# Labour Laws



## mrypg9 (Apr 26, 2008)

Does anyone know if there is a law relating to Constructive Dismissal in Spain, along the UK model?
I'm sure there must be but have been asked for advice by a friend and I don't like giving opinions on things about which I know...nada


----------



## Justina (Jan 25, 2013)

*Dismissal*



mrypg9 said:


> Does anyone know if there is a law relating to Constructive Dismissal in Spain, along the UK model?
> I'm sure there must be but have been asked for advice by a friend and I don't like giving opinions on things about which I know...nada


Know nothing about UK laws, but a worker in a school where my daughter worked in Seville got thrown out and took the school for unfair dismissal. It took over a year but she did get a very nice lump sum.


----------



## Lynn R (Feb 21, 2014)

mrypg9 said:


> Does anyone know if there is a law relating to Constructive Dismissal in Spain, along the UK model?
> I'm sure there must be but have been asked for advice by a friend and I don't like giving opinions on things about which I know...nada


I probably know even less than nada about it, but have had a look and having read a few different items about employment law in Spain (example below) I could not find any reference to constructive dismissal at all, so perhaps it's not a concept enshrined in Spanish law? As I know you will be familiar with, they are cases which are notoriously difficult to win.

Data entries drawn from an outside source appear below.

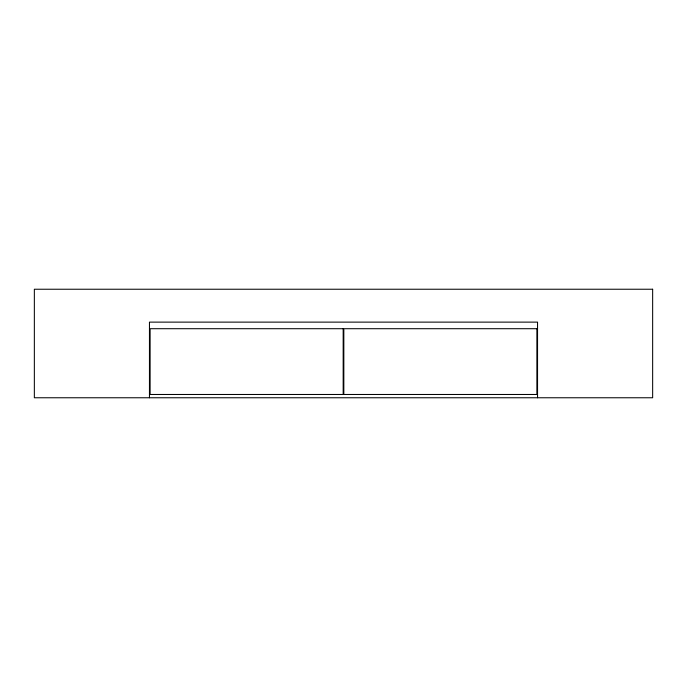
<?xml version="1.0" encoding="UTF-8"?>
<svg xmlns="http://www.w3.org/2000/svg" width="687" height="687" viewBox="0 0 687 687"><rect width="100%" height="100%" fill="white"/><g stroke="black" fill="none" stroke-linecap="round" stroke-linejoin="round"><path stroke-width="1.03" d="M537.543 397.764L537.543 322.126L149.457 322.126L149.457 397.764M652.65 289.236L34.35 289.236L34.35 397.764L652.65 397.764L652.65 289.236M343.174 328.704L150.118 328.704L150.118 394.475L343.174 394.475L343.174 328.704M536.882 328.704L343.826 328.704L343.826 394.475L536.882 394.475L536.882 328.704"/></g></svg>
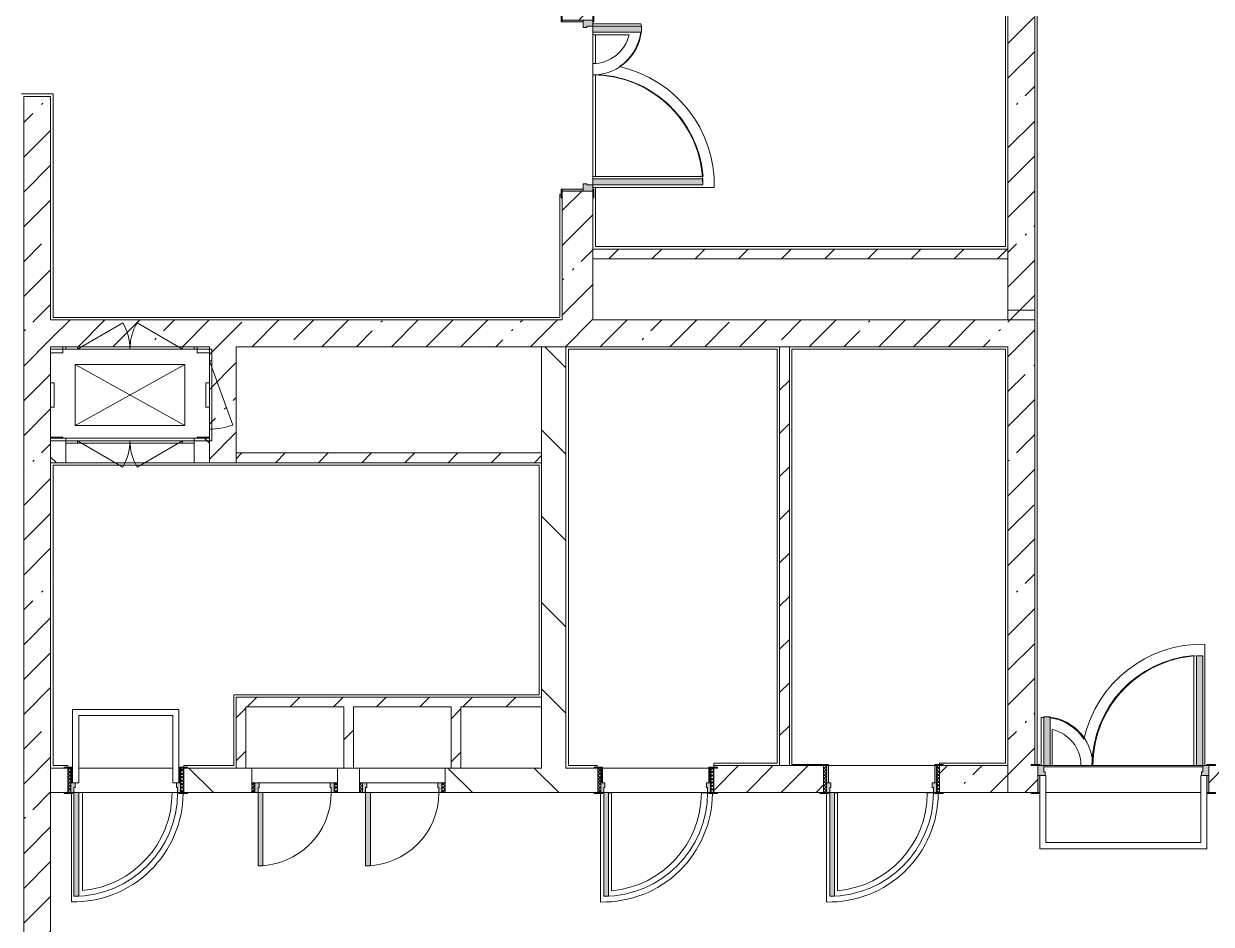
# Model space of a CAD drawing. Header units: millimetres. Extents: x 36059 to 234328, y -8553 to 29000.
# Drawn here: x 192068 to 201793, y 12321 to 19695 of the extents above; entities that cross this region are included whole.
import ezdxf

# ---------------------------------------------------------------- set-up
doc = ezdxf.new("R2010")
doc.units = ezdxf.units.MM
for name, color, linetype, lineweight, true_color in [('A-DOOR-1', 7, 'Continuous', 5, 0xaaaaaa), ('A-DOOR-2', 7, 'Continuous', 5, 0xe2e2e2), ('A-DOOR-FRAM-1', 7, 'Continuous', 5, 0xe2e2e2), ('A-DOOR-FRAM-2', 7, 'Continuous', 5, 0xaaaaaa), ('A-FLOR-2', 7, 'Continuous', 5, 0xaaaaaa)]:
    doc.layers.add(name, color=color, linetype=linetype, lineweight=lineweight, true_color=true_color)
for name, color, linetype, lineweight in [('A-GENM', 7, 'Continuous', 5), ('A-WALL', 7, 'Continuous', 9), ('I-WALL-4', 7, 'Continuous', 5), ('M-EQPM-1', 7, 'Continuous', 5)]:
    doc.layers.add(name, color=color, linetype=linetype, lineweight=lineweight)
pattern_1 = [(45, (107317.9, 0), (-285.1231, 285.1231), []), (45, (107603, 0), (-285.1231, 285.1231), [504.031, -100.806, 16.764, -84.042])]
pattern_2 = [(135, (107317.9, 0), (-353.5534, -353.5534), [])]
pattern_3 = [(135, (1826.41, 164.685), (-14.14214, -14.14214), []), (225, (1826.41, 164.685), (14.14214, -14.14214), [])]
pattern_4 = [(45, (-296.384, 164.685), (-14.1421, 14.1421), []), (135, (-296.384, 164.685), (-14.1421, -14.1421), [])]
pattern_5 = [(45, (107317.9, 0), (-176.7767, 176.7767), [])]

# ---------------------------------------------------------------- blocks, each defined once
blk = doc.blocks.new('110_Дверь_СКБ_2Ст - Д-1_л_Лестничная клетка EIS60 2-32142534-3_10_2_птичка')
at = {"layer": 'A-DOOR-2'}
for points in [[(612.5, 110), (662.5, 110), (662.5, 1010), (612.5, 1010), (612.5, 603.3)], [(-587.5, 110), (-587.5, 510), (-637.5, 510), (-637.5, 110)], [(712.5, -110), (712.5, 30), (697.5, 24.8), (697.5, -110)]]:
    blk.add_hatch(color=256, dxfattribs=at).paths.add_polyline_path(points)
h = blk.add_hatch(color=256, dxfattribs=at)
h.paths.add_polyline_path([(652.5, 30), (712.5, 30), (712.5, 110), (662.5, 110), (662.5, 60), (652.5, 60)])
h.paths.add_polyline_path([(-687.5, 30), (-627.5, 30), (-627.5, 60), (-637.5, 60), (-637.5, 110), (-687.5, 110)])
at = {"layer": 'A-DOOR-FRAM-1'}
for points in [[(-672.5, 110), (-672.5, 118), (-742.5, 118), (-742.5, 110)], [(767.5, 110), (767.5, 118), (697.5, 118), (697.5, 110)], [(-672.5, -110), (-672.5, 30), (-687.5, 24.8), (-687.5, -110)], [(-672.5, -118), (-672.5, -110), (-742.5, -110), (-742.5, -118)], [(767.5, -118), (767.5, -110), (697.5, -110), (697.5, -118)]]:
    blk.add_hatch(color=256, dxfattribs=at).paths.add_polyline_path(points)
at = {"layer": 'A-DOOR-1'}
for p, q in [((662.5, 1010), (612.5, 1010)), ((612.5, 1010), (612.5, 110)), ((662.5, 110), (662.5, 1010)), ((-637.5, 510), (-637.5, 110)), ((-587.5, 510), (-637.5, 510)), ((-587.5, 110), (-587.5, 510)), ((-637.5, 110), (-587.5, 110)), ((612.5, 110), (662.5, 110))]:
    blk.add_line(p, q, dxfattribs=at)
for centre, radius, start, end in [((662.5, 110), 900, 90, 180), ((-637.5, 110), 400, 360, 90)]:
    blk.add_arc(centre, radius, start, end, dxfattribs=at)
at = {"layer": 'A-DOOR-FRAM-2'}
for p, q in [((-672.5, 118), (-742.5, 118)), ((-742.5, 118), (-742.5, 110)), ((-742.5, 110), (-672.5, 110)), ((-637.5, 110), (-687.5, 110)), ((-687.5, 110), (-687.5, 30)), ((-672.5, 110), (-672.5, 118)), ((-637.5, 60), (-637.5, 110)), ((662.5, 110), (662.5, 60)), ((712.5, 110), (662.5, 110)), ((767.5, 118), (697.5, 118)), ((697.5, 118), (697.5, 110)), ((697.5, 110), (767.5, 110)), ((712.5, 30), (712.5, 110)), ((767.5, 110), (767.5, 118)), ((-687.5, 30), (-627.5, 30)), ((-672.5, 30), (-687.5, 30)), ((-687.5, 30), (-687.5, -110)), ((-672.5, -110), (-672.5, 30)), ((-627.5, 60), (-637.5, 60)), ((-627.5, 30), (-627.5, 60)), ((662.5, 60), (652.5, 60)), ((652.5, 60), (652.5, 30)), ((652.5, 30), (712.5, 30)), ((712.5, 30), (697.5, 30)), ((697.5, 30), (697.5, -110)), ((712.5, -110), (712.5, 30)), ((-672.5, -110), (-742.5, -110)), ((-742.5, -110), (-742.5, -118)), ((-742.5, -118), (-672.5, -118)), ((-687.5, -110), (-672.5, -110)), ((-672.5, -118), (-672.5, -110)), ((697.5, -110), (712.5, -110)), ((767.5, -110), (697.5, -110)), ((697.5, -110), (697.5, -118)), ((697.5, -118), (767.5, -118)), ((767.5, -118), (767.5, -110))]:
    blk.add_line(p, q, dxfattribs=at)
blk = doc.blocks.new('110_Дверь_СКБ_1Ст_Внутренняя1 - Д-8 950x2100h_охрана-V76-3_10_2_птичка')
at = {"layer": 'A-DOOR-1'}
h = blk.add_hatch(dxfattribs=at)
h.set_pattern_fill('FP_111', color=256, style=0, pattern_type=2)
h.set_pattern_definition(pattern_3)
h.paths.add_polyline_path([(487.5, 100), (462.5, 100), (462.5, -100), (487.5, -100), (487.5, -34.8)])
at = {"layer": 'A-DOOR-2'}
h = blk.add_hatch(color=256, dxfattribs=at)
h.paths.add_polyline_path([(437.5, 100), (437.5, 60), (427.5, 60), (427.5, 20), (462.5, 20), (462.5, 100)])
h.paths.add_polyline_path([(-412.5, 100), (-437.5, 100), (-437.5, 20), (-402.5, 20), (-402.5, 60), (-412.5, 60)])
at = {"layer": 'A-DOOR-FRAM-1'}
for points in [[(397.5, 950), (397.5, 100), (437.5, 100), (437.5, 950)], [(-492.5, 108), (-492.5, 100), (-422.5, 100), (-422.5, 108)], [(517.5, 108), (447.5, 108), (447.5, 100), (517.5, 100)], [(-422.5, 20), (-437.5, 20), (-437.5, -100), (-422.5, -100), (-422.5, -34.8)], [(462.5, 20), (447.5, 20), (447.5, -100), (462.5, -100), (462.5, -34.8)], [(-492.5, -100), (-492.5, -108), (-422.5, -108), (-422.5, -100)], [(447.5, -100), (447.5, -108), (517.5, -108), (517.5, -100)]]:
    blk.add_hatch(color=256, dxfattribs=at).paths.add_polyline_path(points)
at = {"layer": 'A-DOOR-FRAM-2'}
h = blk.add_hatch(dxfattribs=at)
h.set_pattern_fill('FP_112', color=256, style=0, pattern_type=2)
h.set_pattern_definition(pattern_4)
h.paths.add_polyline_path([(-437.5, 100), (-462.5, 100), (-462.5, -100), (-437.5, -100), (-437.5, -34.8)])
at = {"layer": 'A-DOOR-1'}
for p, q in [((437.5, 950), (397.5, 950)), ((397.5, 950), (397.5, 100)), ((437.5, 100), (437.5, 950)), ((397.5, 100), (437.5, 100))]:
    blk.add_line(p, q, dxfattribs=at)
blk.add_arc((437.5, 100), 850, 90, 180, dxfattribs=at)
at = {"layer": 'A-DOOR-FRAM-2'}
for p, q in [((-422.5, 108), (-492.5, 108)), ((-492.5, 108), (-492.5, 100)), ((-492.5, 100), (-422.5, 100)), ((-437.5, 100), (-462.5, 100)), ((-462.5, 100), (-462.5, -100)), ((-412.5, 100), (-437.5, 100)), ((-437.5, 100), (-437.5, 20)), ((-437.5, -100), (-437.5, 100)), ((-422.5, 100), (-437.5, 100)), ((-437.5, 100), (-437.5, 99)), ((-437.5, 99), (-422.5, 99)), ((-422.5, 100), (-422.5, 108)), ((-422.5, 99), (-422.5, 100)), ((-412.5, 60), (-412.5, 100)), ((437.5, 100), (437.5, 60)), ((462.5, 100), (437.5, 100)), ((517.5, 108), (447.5, 108)), ((447.5, 108), (447.5, 100)), ((462.5, 100), (447.5, 100)), ((447.5, 100), (447.5, 99)), ((447.5, 100), (517.5, 100)), ((447.5, 99), (462.5, 99)), ((462.5, 20), (462.5, 100)), ((487.5, 100), (462.5, 100)), ((462.5, 100), (462.5, -100)), ((462.5, 99), (462.5, 100)), ((487.5, -100), (487.5, 100)), ((517.5, 100), (517.5, 108)), ((-437.5, 20), (-402.5, 20)), ((-422.5, 20), (-437.5, 20)), ((-437.5, 20), (-437.5, -100)), ((-422.5, -100), (-422.5, 20)), ((-402.5, 60), (-412.5, 60)), ((-402.5, 20), (-402.5, 60)), ((437.5, 60), (427.5, 60)), ((427.5, 60), (427.5, 20)), ((427.5, 20), (462.5, 20)), ((462.5, 20), (447.5, 20)), ((447.5, 20), (447.5, -100)), ((462.5, -100), (462.5, 20)), ((-422.5, -100), (-492.5, -100)), ((-492.5, -100), (-492.5, -108)), ((-492.5, -108), (-422.5, -108)), ((-462.5, -100), (-437.5, -100)), ((-437.5, -100), (-422.5, -100)), ((-422.5, -108), (-422.5, -100)), ((447.5, -100), (462.5, -100)), ((517.5, -100), (447.5, -100)), ((447.5, -100), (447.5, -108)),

Working as an employee in Spain. Legal advice by our English-speaking lawyers | iAbogado


----------



## Claire la richarde (Jul 6, 2009)

The European Commission has a document called "Termination of employment relationships: Legal situation in the Member States of the European Union" which can be downloaded from here ec.europa.eu/social/BlobServlet?docId=4623&langId=en - although Lynn R may already have looked at it before posting.

Of course it's a broad overview, and specific advice for Spain is best obtained from a Spanish qualified lawyer.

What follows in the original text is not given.